(Beginning of ENTRIES SHOWN)

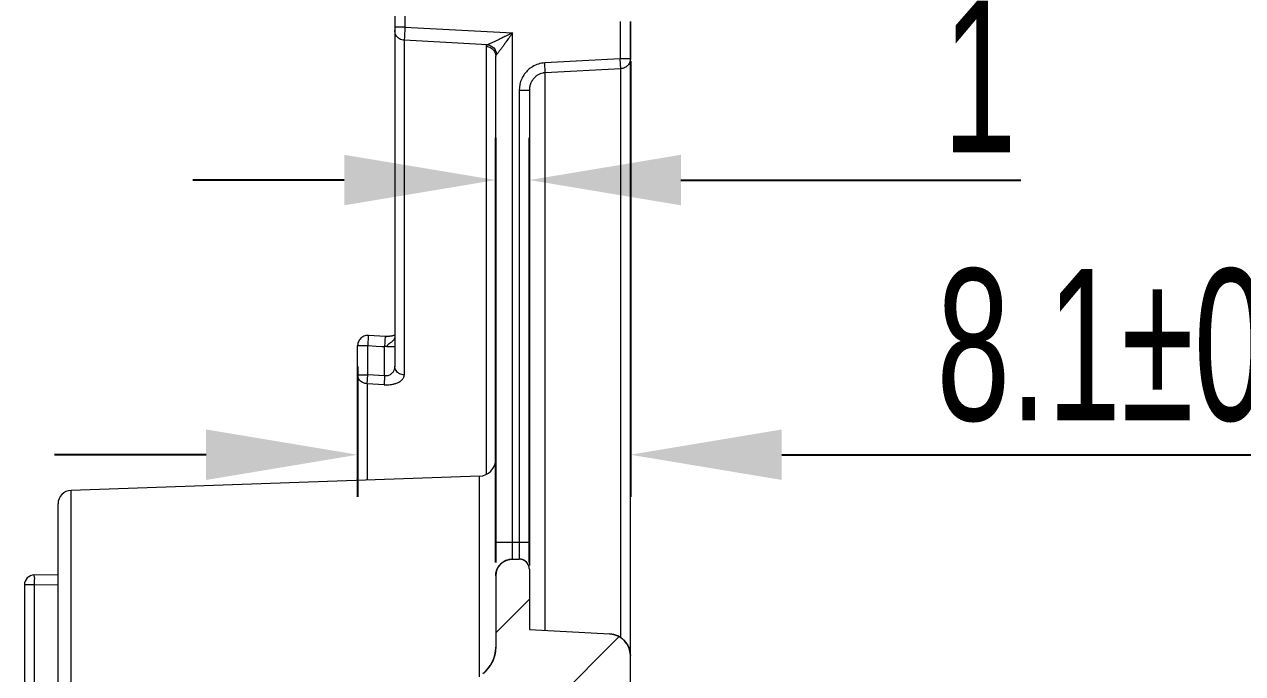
# Model space of a CAD drawing. Header units: millimetres. Extents: x 5536 to 6151, y 463 to 893.
# Drawn here: x 5885.56 to 5921.75, y 730.32 to 749.6 of the extents above; entities that cross this region are included whole.
import ezdxf

# ---------------------------------------------------------------- set-up
doc = ezdxf.new("R2010")
doc.units = ezdxf.units.MM
doc.header["$LTSCALE"] = 0.2
doc.layers.get('0').update_dxf_attribs({"lineweight": 18})
doc.layers.add('poumianxian', color=2, linetype='Continuous', lineweight=18)
doc.layers.add('图层2', color=4, linetype='Continuous', lineweight=18)
doc.styles.add('標準', font='', dxfattribs={"width": 0.667})
doc.styles.get('標準').set_extended_font_data('pmingliu')
doc.dimstyles.new('11111111111', dxfattribs={"dimtxt": 4.5, "dimasz": 4.5, "dimexe": 1.25, "dimexo": 0.625, "dimtad": 1, "dimtoh": 1, "dimdsep": 46, "dimtxsty": '標準', "dimblk": '_CAXARROW', "dimcen": 0, "dimdle": 9, "dimclrd": 6, "dimclre": 6, "dimclrt": 2, "dimadec": 0, "dimazin": 0, "dimtfac": 0.707107, "dimtofl": 0, "dimtmove": 2, "dimatfit": 3, "dimfxl": 0, "dimfrac": 2, "dimtolj": 1, "dimarcsym": 0})

# ---------------------------------------------------------------- blocks, each defined once
blk = doc.blocks.new('*X3')
at = {"layer": '图层2'}
for p, q in [((5899.56, 731.531), (5900.56, 732.531)), ((5898.802, 726.989), (5903.232, 731.419))]:
    blk.add_line(p, q, dxfattribs=at)
blk = doc.blocks.new('*X39')
at = {"layer": 'poumianxian'}
for points in [[(5895.06, 745.729), (5895.06, 744.229), (5899.56, 744.979)], [(5905.06, 745.729), (5905.06, 744.229), (5900.56, 744.979)]]:
    blk.add_hatch(color=6, dxfattribs=at).paths.add_polyline_path(points, flags=0)
at = {"layer": 'poumianxian', "color": 6, "lineweight": -2}
for p, q in [((5899.56, 733.616), (5899.56, 746.229)), ((5900.56, 733.616), (5900.56, 746.229)), ((5895.06, 744.979), (5890.56, 744.979)), ((5905.06, 744.979), (5915.163, 744.979))]:
    blk.add_line(p, q, dxfattribs=at)
at = {"layer": 'poumianxian', "color": 2, "insert": (5913.942, 748.054), "char_height": 4.5, "width": 3.56578, "attachment_point": 5, "style": '標準'}
blk.add_mtext('\\T1.004;1', dxfattribs=at)
blk = doc.blocks.new('_CAXARROW')
blk.add_hatch(color=0).paths.add_polyline_path([(0, 0), (-1, 0.125), (-1, -0.125)], flags=0)
blk = doc.blocks.new('*X42')
at = {"layer": 'poumianxian'}
for points in [[(5890.96, 737.571), (5890.96, 736.071), (5895.46, 736.821)], [(5908.06, 737.571), (5908.06, 736.071), (5903.56, 736.821)]]:
    blk.add_hatch(color=6, dxfattribs=at).paths.add_polyline_path(points, flags=0)
at = {"layer": 'poumianxian', "color": 6, "lineweight": -2}
for p, q in [((5903.56, 748.508), (5903.56, 735.571)), ((5895.46, 739.44), (5895.46, 735.571)), ((5890.96, 736.821), (5886.46, 736.821)), ((5908.06, 736.821), (5925.877, 736.821))]:
    blk.add_line(p, q, dxfattribs=at)
at = {"layer": 'poumianxian', "color": 2, "insert": (5919.219, 740.059), "char_height": 4.5, "width": 36.19809, "attachment_point": 5, "style": '標準'}
blk.add_mtext('\\T1.004;8.1%%P0.1', dxfattribs=at)

msp = doc.modelspace()

# ---------------------------------------------------------------- linework, layer by layer
for p, q in [((5896.56, 750.222), (5896.56, 739.453)), ((5896.86, 750.222), (5896.86, 749.522)), ((5896.86, 749.522), (5896.56, 749.522)), ((5896.86, 749.522), (5896.848, 749.224)), ((5896.86, 749.522), (5900.06, 749.35)), ((5903.26, 749.686), (5903.26, 748.579)), ((5903.56, 749.686), (5903.56, 748.579)), ((5903.56, 730.854), (5903.56, 749.686)), ((5896.848, 749.224), (5896.845, 749.142)), ((5896.845, 749.142), (5896.845, 749.13)), ((5896.845, 749.13), (5896.845, 739.189)), ((5899.313, 748.998), (5896.845, 749.13)), ((5900.06, 733.721), (5900.06, 749.35)), ((5899.276, 748.95), (5899.276, 736.236)), ((5899.56, 734.221), (5899.56, 748.656)), ((5899.56, 734.221), (5899.56, 748.656)), ((5903.26, 748.579), (5901.019, 748.459)), ((5901.034, 748.166), (5901.019, 748.459)), ((5903.276, 748.286), (5903.26, 748.579)), ((5903.56, 748.579), (5903.26, 748.579)), ((5903.276, 748.286), (5901.034, 748.166)), ((5901.034, 731.603), (5901.034, 748.166)), ((5903.276, 731.39), (5903.276, 748.286)), ((5900.26, 747.643), (5900.26, 733.725)), ((5900.56, 747.643), (5900.26, 747.643)), ((5900.56, 747.643), (5900.56, 734.221)), ((5900.56, 747.643), (5900.56, 733.532)), ((5895.46, 736.059), (5895.46, 740.065)), ((5895.46, 740.065), (5895.76, 740.065)), ((5895.774, 740.364), (5895.76, 740.065)), ((5895.76, 739.192), (5895.76, 740.065)), ((5895.76, 740.065), (5896.01, 740.05)), ((5896.287, 740.334), (5895.778, 740.364)), ((5896.01, 740.05), (5896.177, 740.04)), ((5896.177, 740.04), (5896.26, 740.035)), ((5896.26, 739.163), (5896.26, 740.035)), ((5896.325, 740.035), (5896.557, 740.035)), ((5895.46, 739.192), (5895.76, 739.192)), ((5895.745, 738.93), (5895.76, 739.192)), ((5896.26, 739.163), (5895.76, 739.192)), ((5896.26, 739.163), (5896.245, 738.9)), ((5895.745, 738.93), (5895.745, 736.069)), ((5896.245, 738.9), (5895.745, 738.93)), ((5899.078, 736.185), (5886.946, 735.762)), ((5899.078, 730.224), (5899.078, 736.185)), ((5886.946, 728.735), (5886.946, 735.762)), ((5886.56, 729.134), (5886.56, 735.362)), ((5899.56, 734.221), (5900.56, 734.221)), ((5900.06, 733.721), (5900.26, 733.721)), ((5900.06, 733.721), (5900.26, 733.721)), ((5885.855, 733.253), (5886.56, 733.266)), ((5899.56, 733.221), (5899.56, 731.105)), ((5899.56, 733.221), (5899.56, 731.105)), ((5900.56, 733.421), (5900.56, 731.628)), ((5900.56, 733.421), (5900.56, 731.628)), ((5885.56, 732.953), (5885.56, 729.043)), ((5885.855, 732.953), (5885.565, 732.953)), ((5885.855, 732.953), (5886.56, 732.966)), ((5885.855, 732.953), (5885.855, 729.043)), ((5900.56, 731.628), (5902.944, 731.503)), ((5900.56, 731.628), (5902.944, 731.503)), ((5903.56, 558.588), (5903.56, 730.854)), ((5903.56, 558.588), (5903.56, 730.854))]:
    msp.add_line(p, q)
msp.add_lwpolyline([(5896.56, 740.372), (5896.554, 740.369), (5896.54, 740.364), (5896.525, 740.359), (5896.508, 740.355), (5896.491, 740.35), (5896.473, 740.347), (5896.454, 740.343), (5896.435, 740.341), (5896.417, 740.338), (5896.397, 740.336), (5896.374, 740.334), (5896.354, 740.333), (5896.338, 740.333), (5896.327, 740.333), (5896.307, 740.333), (5896.291, 740.334)])
for centre, radius, start, end in [((5901.061, 747.672), 0.788, 93.1087, 121.1823), ((5901.06, 747.688), 0.479, 93.1442, 98.898), ((5901.093, 747.644), 0.832, 155.8623, 180.0163), ((5901.109, 747.643), 0.548, 168.1961, 179.9954), ((5896.215, 739.453), 0.345, 357.6949, 0.006), ((5899.06, 736.685), 0.5, 272, 360), ((5886.96, 735.362), 0.4, 92, 180), ((5900.06, 733.221), 0.5, 90, 180), ((5900.26, 733.421), 0.3, 0, 90), ((5885.86, 732.953), 0.3, 91, 180), ((5902.91, 730.854), 0.65, 0, 87), ((5898.56, 731.105), 1, 308.3606, 0)]:
    msp.add_arc(centre, radius, start, end)
for points, knots in [([(5896.845, 749.13), (5896.795, 749.133), (5896.695, 749.163), (5896.587, 749.274), (5896.56, 749.374), (5896.56, 749.424)], [0, 0, 0, 0, 16300.663511, 32454.926833, 48469.837187, 48469.837187, 48469.837187, 48469.837187]), ([(5900.06, 749.35), (5900.032, 749.336), (5899.978, 749.31), (5899.902, 749.272), (5899.834, 749.239), (5899.774, 749.209), (5899.719, 749.183), (5899.669, 749.158), (5899.622, 749.136), (5899.577, 749.114), (5899.533, 749.093), (5899.489, 749.073), (5899.445, 749.052), (5899.4, 749.032), (5899.356, 749.014), (5899.327, 749.003), (5899.313, 748.998)], [0, 0, 0, 0, 22537.411469, 42555.627267, 60341.893901, 76227.195732, 90559.308452, 103685.694321, 115942.523366, 127643.870087, 139077.789914, 150492.941485, 162058.21709, 173801.258579, 185417.684727, 195816.421047, 195816.421047, 195816.421047, 195816.421047]), ([(5900.06, 749.35), (5900.042, 749.325), (5900.008, 749.276), (5899.959, 749.208), (5899.916, 749.147), (5899.877, 749.092), (5899.842, 749.044), (5899.81, 748.999), (5899.78, 748.957), (5899.752, 748.918), (5899.724, 748.88), (5899.696, 748.842), (5899.668, 748.805), (5899.639, 748.768), (5899.612, 748.735), (5899.593, 748.714), (5899.584, 748.705)], [0, 0, 0, 0, 22990.190753, 43398.461847, 61511.224689, 77664.182583, 92210.417811, 105502.544485, 117879.767632, 129655.683112, 141112.313582, 152483.383278, 163907.928135, 175356.718353, 186419.180837, 195822.81954, 195822.81954, 195822.81954, 195822.81954]), ([(5899.313, 748.998), (5899.303, 748.992), (5899.285, 748.979), (5899.276, 748.958), (5899.276, 748.95)], [0, 0, 0, 0, 20235.903253, 34716.026843, 34716.026843, 34716.026843, 34716.026843]), ([(5899.276, 748.95), (5899.326, 748.947), (5899.426, 748.917), (5899.534, 748.806), (5899.56, 748.705), (5899.56, 748.656)], [0, 0, 0, 0, 16313.240028, 32475.756736, 48494.588298, 48494.588298, 48494.588298, 48494.588298]), ([(5899.313, 748.998), (5899.36, 748.993), (5899.453, 748.957), (5899.553, 748.848), (5899.581, 748.753), (5899.584, 748.705)], [0, 0, 0, 0, 15926.010177, 32222.240925, 48494.718034, 48494.718034, 48494.718034, 48494.718034]), ([(5899.584, 748.705), (5899.577, 748.698), (5899.565, 748.683), (5899.56, 748.665), (5899.56, 748.656)], [0, 0, 0, 0, 18620.609795, 34718.509025, 34718.509025, 34718.509025, 34718.509025]), ([(5903.56, 748.579), (5903.56, 748.547), (5903.549, 748.48), (5903.495, 748.386), (5903.401, 748.31), (5903.319, 748.288), (5903.276, 748.286)], [0, 0, 0, 0, 13195.008537, 27722.683516, 43813.23589, 61612.988712, 61612.988712, 61612.988712, 61612.988712]), ([(5900.653, 748.347), (5900.609, 748.32), (5900.523, 748.256), (5900.413, 748.134), (5900.357, 748.036), (5900.333, 747.984)], [0, 0, 0, 0, 15269.680296, 31567.931729, 48505.426547, 48505.426547, 48505.426547, 48505.426547]), ([(5900.986, 748.161), (5900.978, 748.16), (5900.944, 748.153), (5900.882, 748.135), (5900.802, 748.095), (5900.724, 748.036), (5900.656, 747.957), (5900.602, 747.862), (5900.58, 747.792), (5900.572, 747.755)], [0, 0, 0, 0, 4174.607227, 17433.777345, 32151.914977, 48305.157252, 65634.895204, 83734.340456, 102224.256758, 102224.256758, 102224.256758, 102224.256758]), ([(5895.774, 740.364), (5895.742, 740.366), (5895.662, 740.357), (5895.547, 740.292), (5895.475, 740.181), (5895.461, 740.101), (5895.46, 740.069)], [0, 0, 0, 0, 12501.782339, 30560.502832, 49316.359216, 61562.190783, 61562.190783, 61562.190783, 61562.190783]), ([(5896.325, 740.035), (5896.319, 740.034), (5896.306, 740.033), (5896.284, 740.031), (5896.269, 740.037), (5896.26, 740.04)], [0, 0, 0, 0, 14189.240167, 28098.118964, 48495.209885, 48495.209885, 48495.209885, 48495.209885]), ([(5896.27, 740.037), (5896.273, 740.086), (5896.28, 740.19), (5896.28, 740.236), (5896.289, 740.347), (5896.287, 740.334)], [0, 0, 0, 0, 24029.570205, 41715.266353, 48493.972627, 48493.972627, 48493.972627, 48493.972627]), ([(5896.325, 740.035), (5896.329, 740.043), (5896.336, 740.058), (5896.35, 740.078), (5896.366, 740.097), (5896.384, 740.114), (5896.404, 740.129), (5896.425, 740.144), (5896.448, 740.158), (5896.472, 740.174), (5896.496, 740.191), (5896.52, 740.21), (5896.54, 740.233), (5896.556, 740.26), (5896.56, 740.281), (5896.56, 740.291)], [0, 0, 0, 0, 13046.08353, 25754.610251, 38220.347698, 50579.921263, 63234.92414, 76433.364639, 90286.8131, 104827.538108, 119951.072311, 135455.145002, 151089.745805, 166731.429653, 182756.829226, 182756.829226, 182756.829226, 182756.829226]), ([(5896.56, 739.439), (5896.56, 739.434), (5896.559, 739.419), (5896.556, 739.393), (5896.548, 739.359), (5896.535, 739.323), (5896.515, 739.285), (5896.487, 739.247), (5896.45, 739.212), (5896.406, 739.184), (5896.357, 739.167), (5896.308, 739.16), (5896.276, 739.161), (5896.26, 739.163)], [0, 0, 0, 0, 4913.44376, 15347.850726, 26935.380268, 39949.215821, 54421.225697, 70329.863612, 87663.066909, 105762.51156, 123554.473578, 140312.840955, 155915.491099, 155915.491099, 155915.491099, 155915.491099]), ([(5896.845, 739.189), (5896.796, 739.191), (5896.7, 739.216), (5896.59, 739.313), (5896.56, 739.407), (5896.56, 739.453)], [0, 0, 0, 0, 16688.635909, 32897.381212, 48500.063473, 48500.063473, 48500.063473, 48500.063473]), ([(5895.745, 738.93), (5895.695, 738.932), (5895.598, 738.958), (5895.489, 739.055), (5895.46, 739.148), (5895.46, 739.192)], [0, 0, 0, 0, 17061.016928, 33223.967522, 48491.358772, 48491.358772, 48491.358772, 48491.358772]), ([(5896.245, 738.9), (5896.275, 738.898), (5896.337, 738.897), (5896.431, 738.903), (5896.524, 738.919), (5896.608, 738.943), (5896.679, 738.973), (5896.734, 739.007), (5896.776, 739.041), (5896.805, 739.074), (5896.825, 739.105), (5896.837, 739.135), (5896.843, 739.162), (5896.845, 739.18), (5896.845, 739.189)], [0, 0, 0, 0, 20896.076942, 43108.335158, 65384.900607, 86030.004785, 103880.169019, 118727.804786, 130935.822026, 140997.590436, 149398.049212, 156602.154611, 163022.285622, 168997.715568, 168997.715568, 168997.715568, 168997.715568]), ([(5899.56, 733.221), (5899.56, 733.223), (5899.56, 733.226), (5899.56, 733.232), (5899.561, 733.238), (5899.561, 733.243), (5899.561, 733.249), (5899.561, 733.254), (5899.562, 733.26), (5899.562, 733.266), (5899.563, 733.271), (5899.564, 733.277), (5899.564, 733.283), (5899.565, 733.289), (5899.566, 733.294), (5899.567, 733.3), (5899.568, 733.306), (5899.569, 733.312), (5899.57, 733.318), (5899.571, 733.323), (5899.572, 733.329), (5899.574, 733.335), (5899.575, 733.341), (5899.576, 733.347), (5899.578, 733.353), (5899.58, 733.358), (5899.581, 733.364), (5899.583, 733.37), (5899.585, 733.376), (5899.587, 733.382), (5899.589, 733.388), (5899.591, 733.393), (5899.593, 733.399), (5899.595, 733.405), (5899.598, 733.411), (5899.6, 733.416), (5899.603, 733.422), (5899.605, 733.428), (5899.608, 733.434), (5899.611, 733.439), (5899.613, 733.445), (5899.616, 733.451), (5899.619, 733.456), (5899.622, 733.462), (5899.625, 733.467), (5899.628, 733.473), (5899.632, 733.478), (5899.635, 733.484), (5899.638, 733.489), (5899.642, 733.494), (5899.645, 733.5), (5899.649, 733.505), (5899.653, 733.51), (5899.656, 733.516), (5899.66, 733.521), (5899.664, 733.526), (5899.668, 733.531), (5899.672, 733.536), (5899.676, 733.541), (5899.68, 733.546), (5899.685, 733.551), (5899.689, 733.556), (5899.693, 733.56), (5899.698, 733.565), (5899.702, 733.57), (5899.707, 733.574), (5899.711, 733.579), (5899.716, 733.583), (5899.721, 733.588), (5899.726, 733.592), (5899.73, 733.597), (5899.735, 733.601), (5899.74, 733.605), (5899.745, 733.609), (5899.75, 733.613), (5899.755, 733.617), (5899.76, 733.621), (5899.766, 733.625), (5899.771, 733.629), (5899.776, 733.632), (5899.781, 733.636), (5899.787, 733.639), (5899.792, 733.643), (5899.798, 733.646), (5899.803, 733.65), (5899.808, 733.653), (5899.814, 733.656), (5899.82, 733.659), (5899.825, 733.662), (5899.831, 733.665), (5899.836, 733.668), (5899.842, 733.671), (5899.848, 733.673), (5899.853, 733.676), (5899.859, 733.679), (5899.865, 733.681), (5899.871, 733.683), (5899.876, 733.686), (5899.882, 733.688), (5899.888, 733.69), (5899.894, 733.692), (5899.899, 733.694), (5899.905, 733.696), (5899.911, 733.698), (5899.917, 733.7), (5899.923, 733.702), (5899.929, 733.703), (5899.934, 733.705), (5899.94, 733.706), (5899.946, 733.708), (5899.952, 733.709), (5899.958, 733.71), (5899.964, 733.711), (5899.969, 733.713), (5899.975, 733.714), (5899.981, 733.715), (5899.987, 733.715), (5899.993, 733.716), (5899.998, 733.717), (5900.004, 733.718), (5900.01, 733.718), (5900.015, 733.719), (5900.021, 733.719), (5900.027, 733.72), (5900.032, 733.72), (5900.038, 733.72), (5900.044, 733.721), (5900.049, 733.721), (5900.055, 733.721), (5900.059, 733.721), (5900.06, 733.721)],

(End of ENTRIES SHOWN)

Copy the records above from the first line through the line containing "import ezdxf", both included, and leave out any pictures.

> THE ANSWER:
# Model space of a CAD drawing. Header units: millimetres. Extents: x 5536 to 6151, y 463 to 893.
# Drawn here: x 5885.56 to 5921.75, y 730.32 to 749.6 of the extents above; entities that cross this region are included whole.
import ezdxf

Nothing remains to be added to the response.